Patrick Badertscher: Ces dispositifs ont deux mécanismes qui leur permettent de déterminer le rythme et la fréquence cardiaques. Un mécanisme est une lueur au dos de la montre qui est reflétée par les globules rouges, de sorte que la montre calcule la courbe du pouls. Comme la fibrillation auriculaire entraîne un pouls irrégulier, la montre peut détecter ces irrégularités et indiquer une fibrillation auriculaire.
Et le deuxième mécanisme?
Il s’agit d’un ECG une piste fourni à l’aide de deux électrodes. Une électrode est au dos de la montre, l’autre sur la couronne. La qualité de l’ECG est bonne, mais sa pertinence est limitée par rapport à un ECG 12 pistes comme on le fait au cabinet médical ou à l’hôpital. C’est pourquoi un ECG une piste ne permet en général pas de reconnaître un infarctus du myocarde.
La montre est-elle fiable dans la détection d’un trouble du rythme cardiaque?
Elle analyse l’ECG à l’aide d’un algorithme qui utilise l’intelligence artificielle et le classe en trois catégories: rythme normal, fibrillation auriculaire ou rythme non déterminable. Les appareils que nous avons testés avaient du mal à faire cette classification. Les réponses «rythme normal» et «fibrillation auriculaire» étaient très précises, mais ils échouaient à classer jusqu’à un quart des ECG. Les cardiologues étaient meilleur-e-s.
Quelles sont les autres limites de ces dispositifs?
Il y a des montres qu’on ne peut porter qu’un certain temps en raison de la durée limitée de l’accu. Donc la fibrillation auriculaire peut se produire justement pendant qu’on la recharge. Et tous les dispositifs ne sont pas aussi faciles à utiliser.
Si la montre détecte une fibrillation auriculaire, cela ne dit pas grand-chose sur d’éventuels risques, dit le cardiologue Patrick Badertscher.
Qu’est-ce que cela signifie si la montre alerte une personne qui se sent en bonne santé d’une fibrillation auriculaire?
Un examen de dépistage d’une fibrillation auriculaire est un sujet difficile et controversé. Si la montre diagnostique une fibrillation auriculaire, cela ne dit pas grand-chose sur d’éventuels risques. L’important est la présence ou non de facteurs de risque d’attaque cérébrale. Le ou la cardiologue la détermine à l’aide d’un calcul du risque, la montre n’en est pas capable. Un autre élément pertinent est la durée pendant laquelle le ou la patiente est en fibrillation auriculaire, car la durée accroît le risque d’attaque cérébrale. Cela non plus, les montres ne le savent pas. Donc nous savons qu’il y a une fibrillation auriculaire, mais nous ne savons pas forcément que conseiller à des personnes qui n’ont pas de symptômes.
Donc ces personnes s’inquiètent inutilement?

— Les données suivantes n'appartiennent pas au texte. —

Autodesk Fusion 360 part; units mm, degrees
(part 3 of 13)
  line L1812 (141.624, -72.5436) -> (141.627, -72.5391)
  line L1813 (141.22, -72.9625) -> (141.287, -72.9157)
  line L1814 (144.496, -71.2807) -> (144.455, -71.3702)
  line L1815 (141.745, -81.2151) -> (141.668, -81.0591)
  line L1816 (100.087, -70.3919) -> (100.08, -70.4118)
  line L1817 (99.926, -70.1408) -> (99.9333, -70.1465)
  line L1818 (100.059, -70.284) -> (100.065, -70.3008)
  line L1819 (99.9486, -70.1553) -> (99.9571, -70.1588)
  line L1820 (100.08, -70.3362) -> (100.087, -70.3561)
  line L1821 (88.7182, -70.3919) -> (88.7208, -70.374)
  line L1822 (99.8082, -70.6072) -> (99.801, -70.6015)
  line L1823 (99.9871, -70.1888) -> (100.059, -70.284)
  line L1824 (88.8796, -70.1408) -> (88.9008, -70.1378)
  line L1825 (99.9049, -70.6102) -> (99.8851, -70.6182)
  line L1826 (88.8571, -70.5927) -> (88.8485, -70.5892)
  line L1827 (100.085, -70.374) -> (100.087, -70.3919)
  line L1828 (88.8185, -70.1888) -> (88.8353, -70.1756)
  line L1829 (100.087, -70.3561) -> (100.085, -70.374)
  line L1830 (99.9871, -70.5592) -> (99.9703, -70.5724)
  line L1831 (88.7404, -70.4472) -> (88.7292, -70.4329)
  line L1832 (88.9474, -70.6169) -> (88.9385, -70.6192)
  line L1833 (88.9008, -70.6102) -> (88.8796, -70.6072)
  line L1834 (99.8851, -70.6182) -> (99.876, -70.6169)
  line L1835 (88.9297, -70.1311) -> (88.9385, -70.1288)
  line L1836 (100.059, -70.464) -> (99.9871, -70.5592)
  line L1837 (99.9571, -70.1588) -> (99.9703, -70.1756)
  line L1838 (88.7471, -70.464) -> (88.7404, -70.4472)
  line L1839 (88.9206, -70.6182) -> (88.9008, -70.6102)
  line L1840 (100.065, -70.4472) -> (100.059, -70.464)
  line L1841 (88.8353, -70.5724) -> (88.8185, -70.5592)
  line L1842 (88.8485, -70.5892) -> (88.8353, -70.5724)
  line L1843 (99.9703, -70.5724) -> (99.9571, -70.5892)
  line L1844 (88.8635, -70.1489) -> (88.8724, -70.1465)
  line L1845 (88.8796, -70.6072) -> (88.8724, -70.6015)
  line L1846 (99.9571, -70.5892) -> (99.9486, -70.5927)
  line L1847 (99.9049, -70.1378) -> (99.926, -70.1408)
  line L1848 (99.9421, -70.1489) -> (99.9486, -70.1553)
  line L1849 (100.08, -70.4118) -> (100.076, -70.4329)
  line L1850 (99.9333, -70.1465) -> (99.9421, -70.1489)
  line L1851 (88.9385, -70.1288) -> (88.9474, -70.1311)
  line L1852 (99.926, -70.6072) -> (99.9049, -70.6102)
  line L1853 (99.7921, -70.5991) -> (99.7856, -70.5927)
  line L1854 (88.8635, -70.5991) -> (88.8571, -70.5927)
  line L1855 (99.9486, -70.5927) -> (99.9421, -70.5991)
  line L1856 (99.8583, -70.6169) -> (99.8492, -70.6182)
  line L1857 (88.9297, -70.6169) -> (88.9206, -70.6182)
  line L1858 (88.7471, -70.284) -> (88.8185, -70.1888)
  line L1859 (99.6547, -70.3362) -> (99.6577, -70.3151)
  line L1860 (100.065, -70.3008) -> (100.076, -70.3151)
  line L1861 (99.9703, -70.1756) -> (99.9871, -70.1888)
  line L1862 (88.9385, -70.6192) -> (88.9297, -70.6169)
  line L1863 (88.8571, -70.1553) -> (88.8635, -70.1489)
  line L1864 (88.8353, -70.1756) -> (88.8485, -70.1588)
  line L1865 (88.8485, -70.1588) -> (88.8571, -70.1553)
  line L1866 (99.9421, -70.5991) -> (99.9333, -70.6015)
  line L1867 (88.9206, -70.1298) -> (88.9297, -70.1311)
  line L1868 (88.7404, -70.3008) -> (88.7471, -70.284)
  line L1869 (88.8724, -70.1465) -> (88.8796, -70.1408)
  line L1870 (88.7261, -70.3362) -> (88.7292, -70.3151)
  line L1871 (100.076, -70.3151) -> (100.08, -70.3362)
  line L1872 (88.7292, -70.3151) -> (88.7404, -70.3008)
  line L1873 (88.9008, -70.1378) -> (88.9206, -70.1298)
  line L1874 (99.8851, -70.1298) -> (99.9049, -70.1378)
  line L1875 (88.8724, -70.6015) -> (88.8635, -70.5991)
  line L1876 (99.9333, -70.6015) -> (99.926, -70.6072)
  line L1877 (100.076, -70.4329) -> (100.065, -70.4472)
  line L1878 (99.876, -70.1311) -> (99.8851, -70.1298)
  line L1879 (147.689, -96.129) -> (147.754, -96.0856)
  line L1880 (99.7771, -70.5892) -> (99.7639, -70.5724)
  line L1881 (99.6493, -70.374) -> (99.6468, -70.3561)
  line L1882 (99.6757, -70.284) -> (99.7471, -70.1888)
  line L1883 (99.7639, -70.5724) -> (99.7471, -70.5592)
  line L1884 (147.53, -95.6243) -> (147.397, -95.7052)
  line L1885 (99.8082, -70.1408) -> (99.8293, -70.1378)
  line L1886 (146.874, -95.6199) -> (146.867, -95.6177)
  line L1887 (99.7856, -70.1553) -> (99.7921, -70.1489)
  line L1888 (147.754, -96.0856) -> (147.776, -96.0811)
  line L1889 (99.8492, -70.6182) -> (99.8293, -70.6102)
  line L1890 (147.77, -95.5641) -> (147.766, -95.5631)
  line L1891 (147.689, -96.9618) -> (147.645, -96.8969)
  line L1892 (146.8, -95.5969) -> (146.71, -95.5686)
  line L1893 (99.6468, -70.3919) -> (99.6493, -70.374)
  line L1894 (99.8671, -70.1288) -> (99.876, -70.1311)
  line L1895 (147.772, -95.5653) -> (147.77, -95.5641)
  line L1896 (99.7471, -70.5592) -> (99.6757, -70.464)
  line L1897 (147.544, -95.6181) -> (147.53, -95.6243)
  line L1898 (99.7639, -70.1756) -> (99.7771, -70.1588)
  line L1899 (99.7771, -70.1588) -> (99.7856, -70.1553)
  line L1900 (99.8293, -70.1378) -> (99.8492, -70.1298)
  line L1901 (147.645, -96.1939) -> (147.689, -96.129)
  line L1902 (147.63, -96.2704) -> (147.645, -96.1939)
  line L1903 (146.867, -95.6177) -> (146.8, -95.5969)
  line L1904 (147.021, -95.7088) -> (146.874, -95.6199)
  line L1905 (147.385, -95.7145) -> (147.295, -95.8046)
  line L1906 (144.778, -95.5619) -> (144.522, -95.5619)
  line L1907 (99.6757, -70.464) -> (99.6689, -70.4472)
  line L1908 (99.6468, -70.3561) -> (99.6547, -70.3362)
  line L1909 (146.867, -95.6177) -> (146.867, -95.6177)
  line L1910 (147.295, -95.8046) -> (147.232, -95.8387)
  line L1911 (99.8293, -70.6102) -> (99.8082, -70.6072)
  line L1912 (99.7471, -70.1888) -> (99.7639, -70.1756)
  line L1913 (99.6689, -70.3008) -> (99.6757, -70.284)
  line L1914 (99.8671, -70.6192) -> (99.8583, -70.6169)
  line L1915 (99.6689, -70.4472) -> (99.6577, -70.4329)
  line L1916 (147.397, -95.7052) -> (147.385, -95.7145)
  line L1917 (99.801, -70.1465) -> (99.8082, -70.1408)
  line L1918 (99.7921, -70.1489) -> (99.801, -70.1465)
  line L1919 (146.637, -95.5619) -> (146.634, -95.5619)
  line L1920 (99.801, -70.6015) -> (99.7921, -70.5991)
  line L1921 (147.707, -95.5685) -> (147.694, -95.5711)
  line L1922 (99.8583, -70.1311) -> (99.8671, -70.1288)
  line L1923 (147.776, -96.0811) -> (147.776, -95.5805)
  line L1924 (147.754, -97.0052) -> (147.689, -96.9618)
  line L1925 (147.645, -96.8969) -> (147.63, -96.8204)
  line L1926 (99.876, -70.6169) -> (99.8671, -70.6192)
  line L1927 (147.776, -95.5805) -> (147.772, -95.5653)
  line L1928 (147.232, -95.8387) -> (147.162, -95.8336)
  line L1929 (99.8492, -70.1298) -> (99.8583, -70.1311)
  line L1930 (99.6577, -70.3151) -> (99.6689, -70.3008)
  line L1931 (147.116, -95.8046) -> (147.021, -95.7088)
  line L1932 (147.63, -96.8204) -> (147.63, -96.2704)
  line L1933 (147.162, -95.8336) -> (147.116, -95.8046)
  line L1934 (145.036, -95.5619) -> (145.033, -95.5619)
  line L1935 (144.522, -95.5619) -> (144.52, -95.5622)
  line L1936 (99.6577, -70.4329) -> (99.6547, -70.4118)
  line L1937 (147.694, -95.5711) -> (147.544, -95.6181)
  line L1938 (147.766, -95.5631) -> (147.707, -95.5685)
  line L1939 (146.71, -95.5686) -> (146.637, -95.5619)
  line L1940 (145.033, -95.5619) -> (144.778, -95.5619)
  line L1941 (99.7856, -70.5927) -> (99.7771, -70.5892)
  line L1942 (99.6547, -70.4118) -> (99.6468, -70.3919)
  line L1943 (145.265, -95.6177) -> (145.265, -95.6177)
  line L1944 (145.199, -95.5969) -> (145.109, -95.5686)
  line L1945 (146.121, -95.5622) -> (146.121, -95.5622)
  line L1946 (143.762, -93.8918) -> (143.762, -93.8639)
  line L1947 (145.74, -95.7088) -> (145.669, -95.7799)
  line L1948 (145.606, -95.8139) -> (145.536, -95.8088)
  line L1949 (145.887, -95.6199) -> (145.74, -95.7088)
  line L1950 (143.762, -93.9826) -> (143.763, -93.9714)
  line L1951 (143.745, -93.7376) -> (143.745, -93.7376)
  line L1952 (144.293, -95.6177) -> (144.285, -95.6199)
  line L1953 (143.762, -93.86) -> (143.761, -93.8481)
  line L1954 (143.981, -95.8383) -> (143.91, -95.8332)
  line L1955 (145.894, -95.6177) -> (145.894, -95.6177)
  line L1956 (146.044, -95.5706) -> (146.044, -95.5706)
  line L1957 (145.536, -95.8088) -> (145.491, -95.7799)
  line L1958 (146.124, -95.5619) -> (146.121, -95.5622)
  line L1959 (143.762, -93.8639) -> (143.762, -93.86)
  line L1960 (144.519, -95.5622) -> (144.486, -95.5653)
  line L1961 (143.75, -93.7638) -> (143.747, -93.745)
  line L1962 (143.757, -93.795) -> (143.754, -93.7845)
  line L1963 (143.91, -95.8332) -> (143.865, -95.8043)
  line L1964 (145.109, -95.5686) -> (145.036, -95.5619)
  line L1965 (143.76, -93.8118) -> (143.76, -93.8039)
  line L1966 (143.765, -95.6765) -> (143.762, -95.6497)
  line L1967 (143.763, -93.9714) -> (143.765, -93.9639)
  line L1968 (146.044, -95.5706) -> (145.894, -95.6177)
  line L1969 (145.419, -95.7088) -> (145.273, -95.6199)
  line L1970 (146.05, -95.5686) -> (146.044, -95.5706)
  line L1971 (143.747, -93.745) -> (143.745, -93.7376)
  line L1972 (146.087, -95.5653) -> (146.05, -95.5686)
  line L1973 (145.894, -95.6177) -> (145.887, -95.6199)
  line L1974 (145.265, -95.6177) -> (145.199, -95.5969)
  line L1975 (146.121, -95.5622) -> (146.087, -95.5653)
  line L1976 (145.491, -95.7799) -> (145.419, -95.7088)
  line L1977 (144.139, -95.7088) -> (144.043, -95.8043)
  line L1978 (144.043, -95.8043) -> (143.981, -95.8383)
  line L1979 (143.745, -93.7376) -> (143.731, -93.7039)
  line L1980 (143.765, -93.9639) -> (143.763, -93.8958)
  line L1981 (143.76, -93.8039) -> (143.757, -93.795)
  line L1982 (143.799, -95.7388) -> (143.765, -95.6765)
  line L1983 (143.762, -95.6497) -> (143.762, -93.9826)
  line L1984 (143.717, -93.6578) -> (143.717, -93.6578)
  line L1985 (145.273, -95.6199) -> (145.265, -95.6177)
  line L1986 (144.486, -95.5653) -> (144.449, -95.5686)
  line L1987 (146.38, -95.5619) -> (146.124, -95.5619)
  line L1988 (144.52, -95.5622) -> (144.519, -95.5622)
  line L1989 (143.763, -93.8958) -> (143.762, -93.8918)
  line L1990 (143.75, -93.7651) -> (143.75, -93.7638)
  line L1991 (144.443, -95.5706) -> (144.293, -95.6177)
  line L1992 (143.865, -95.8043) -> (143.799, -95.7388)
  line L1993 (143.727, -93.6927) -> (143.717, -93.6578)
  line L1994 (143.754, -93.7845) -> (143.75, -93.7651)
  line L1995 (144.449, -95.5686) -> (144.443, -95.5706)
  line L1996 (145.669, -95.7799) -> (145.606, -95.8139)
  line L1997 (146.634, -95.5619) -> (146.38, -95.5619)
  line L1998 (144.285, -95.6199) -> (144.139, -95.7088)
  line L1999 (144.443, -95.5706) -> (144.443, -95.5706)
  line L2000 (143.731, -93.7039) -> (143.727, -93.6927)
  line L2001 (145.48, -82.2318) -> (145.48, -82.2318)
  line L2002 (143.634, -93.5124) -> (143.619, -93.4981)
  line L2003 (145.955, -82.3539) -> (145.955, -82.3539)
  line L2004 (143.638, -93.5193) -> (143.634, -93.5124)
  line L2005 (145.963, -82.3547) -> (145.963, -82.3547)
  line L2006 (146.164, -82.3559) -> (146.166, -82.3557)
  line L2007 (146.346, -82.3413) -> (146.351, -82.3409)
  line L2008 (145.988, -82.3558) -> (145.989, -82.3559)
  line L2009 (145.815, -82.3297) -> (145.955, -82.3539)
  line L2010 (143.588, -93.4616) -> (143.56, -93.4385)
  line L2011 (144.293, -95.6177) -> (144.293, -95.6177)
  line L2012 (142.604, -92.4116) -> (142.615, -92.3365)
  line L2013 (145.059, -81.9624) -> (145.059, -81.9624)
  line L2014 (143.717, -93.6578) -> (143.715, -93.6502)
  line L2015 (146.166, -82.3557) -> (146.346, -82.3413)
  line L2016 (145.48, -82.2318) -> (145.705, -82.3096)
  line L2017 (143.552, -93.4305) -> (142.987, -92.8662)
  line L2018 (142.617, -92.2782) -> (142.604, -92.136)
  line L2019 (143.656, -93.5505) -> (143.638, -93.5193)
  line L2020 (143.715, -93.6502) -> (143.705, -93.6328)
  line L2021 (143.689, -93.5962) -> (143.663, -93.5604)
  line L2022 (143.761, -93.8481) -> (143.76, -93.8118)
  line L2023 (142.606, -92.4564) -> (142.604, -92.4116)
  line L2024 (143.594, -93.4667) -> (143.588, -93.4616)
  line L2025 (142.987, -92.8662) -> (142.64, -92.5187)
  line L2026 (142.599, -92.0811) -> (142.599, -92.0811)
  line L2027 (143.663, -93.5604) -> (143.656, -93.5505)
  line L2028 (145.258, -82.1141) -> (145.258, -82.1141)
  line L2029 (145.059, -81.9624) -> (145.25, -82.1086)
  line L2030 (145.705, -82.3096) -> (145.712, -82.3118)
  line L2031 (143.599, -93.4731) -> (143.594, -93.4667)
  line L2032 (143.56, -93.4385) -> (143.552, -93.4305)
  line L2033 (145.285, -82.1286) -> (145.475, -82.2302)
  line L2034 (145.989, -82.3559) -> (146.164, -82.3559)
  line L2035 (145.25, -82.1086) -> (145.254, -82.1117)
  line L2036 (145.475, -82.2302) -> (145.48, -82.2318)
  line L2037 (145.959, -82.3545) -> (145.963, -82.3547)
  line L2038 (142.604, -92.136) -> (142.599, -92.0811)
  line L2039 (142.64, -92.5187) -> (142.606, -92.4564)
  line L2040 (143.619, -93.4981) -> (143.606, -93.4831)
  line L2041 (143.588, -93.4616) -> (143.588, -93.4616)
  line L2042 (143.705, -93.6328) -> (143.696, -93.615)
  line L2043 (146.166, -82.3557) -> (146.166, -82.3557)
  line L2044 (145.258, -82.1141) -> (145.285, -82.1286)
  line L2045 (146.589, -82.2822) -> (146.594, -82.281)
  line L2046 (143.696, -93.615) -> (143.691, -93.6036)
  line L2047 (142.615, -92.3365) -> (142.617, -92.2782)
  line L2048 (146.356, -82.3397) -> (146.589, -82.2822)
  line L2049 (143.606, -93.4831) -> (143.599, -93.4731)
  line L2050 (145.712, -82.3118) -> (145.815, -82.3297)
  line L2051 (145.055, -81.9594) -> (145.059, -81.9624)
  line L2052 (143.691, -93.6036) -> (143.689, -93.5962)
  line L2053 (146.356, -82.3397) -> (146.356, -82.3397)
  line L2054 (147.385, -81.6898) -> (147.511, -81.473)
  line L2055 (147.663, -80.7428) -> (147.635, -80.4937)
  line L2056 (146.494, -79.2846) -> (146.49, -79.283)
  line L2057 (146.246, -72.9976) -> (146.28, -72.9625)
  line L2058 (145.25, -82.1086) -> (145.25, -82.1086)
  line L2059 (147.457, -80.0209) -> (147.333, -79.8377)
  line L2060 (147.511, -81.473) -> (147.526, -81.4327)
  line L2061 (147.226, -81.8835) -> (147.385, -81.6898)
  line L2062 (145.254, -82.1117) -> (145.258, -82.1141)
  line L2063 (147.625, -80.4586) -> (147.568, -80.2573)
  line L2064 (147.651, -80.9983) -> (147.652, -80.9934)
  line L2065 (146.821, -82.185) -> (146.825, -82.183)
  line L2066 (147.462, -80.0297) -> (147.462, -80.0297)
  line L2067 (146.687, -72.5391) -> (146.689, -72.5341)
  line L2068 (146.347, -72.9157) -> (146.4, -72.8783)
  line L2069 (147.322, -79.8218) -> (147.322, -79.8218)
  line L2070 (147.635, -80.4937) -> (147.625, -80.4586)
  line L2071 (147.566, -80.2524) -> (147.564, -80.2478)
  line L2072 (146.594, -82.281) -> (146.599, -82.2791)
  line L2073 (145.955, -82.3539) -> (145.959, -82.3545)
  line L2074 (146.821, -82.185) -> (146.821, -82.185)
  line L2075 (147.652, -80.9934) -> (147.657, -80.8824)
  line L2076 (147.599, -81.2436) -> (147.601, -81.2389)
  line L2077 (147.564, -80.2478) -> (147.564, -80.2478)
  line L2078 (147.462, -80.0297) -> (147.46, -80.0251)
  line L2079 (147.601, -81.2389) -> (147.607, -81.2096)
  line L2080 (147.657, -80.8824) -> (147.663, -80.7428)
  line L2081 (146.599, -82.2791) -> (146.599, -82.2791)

Oui, pas seulement celles qui ont une fibrillation auriculaire, mais aussi celles chez lesquelles la montre ne peut pas fournir de résultat. Une raison peut être une irrégularité de l’ECG sans conséquences, ou des battements supplémentaires inoffensifs, un cas très fréquent. L’activité physique et la respiration peuvent entraîner des données que la montre ne sait pas analyser. En tant que médecins, nous devons faire un ECG de contrôle chez des personnes en bonne santé, c’est du travail supplémentaire.
Le sentez-vous déjà dans votre pratique quotidienne?
Oui, c’est pourquoi nous avons mis en place un nouveau service en ligne, la Basel Wearable Clinic. À l’adresse www.wearableclinic.ch, les personnes concernées peuvent télécharger elles-mêmes l’ECG de leur montre ou de leur bracelet. Nous l’analysons et nous pouvons ainsi les rassurer rapidement.
Dans quels cas ces montres sont-elles clairement utiles?
Il y a des troubles du rythme cardiaque qui touchent le plus souvent des personnes jeunes, mais ne se produisent que rarement, de sorte que nous avons du mal à les saisir. Une montre connectée est très utile dans ce cas: lorsque la personne a une crise, elle peut enregistrer son ECG avec la montre. Ces dispositifs connectés sont utiles également aux patient-e-s atteint-e-s de fibrillation auriculaire après l’ablation par cathéter de la zone de perturbation électrique dans le cœur. Pendant le suivi, on peut vérifier si les arythmies continuent à se produire.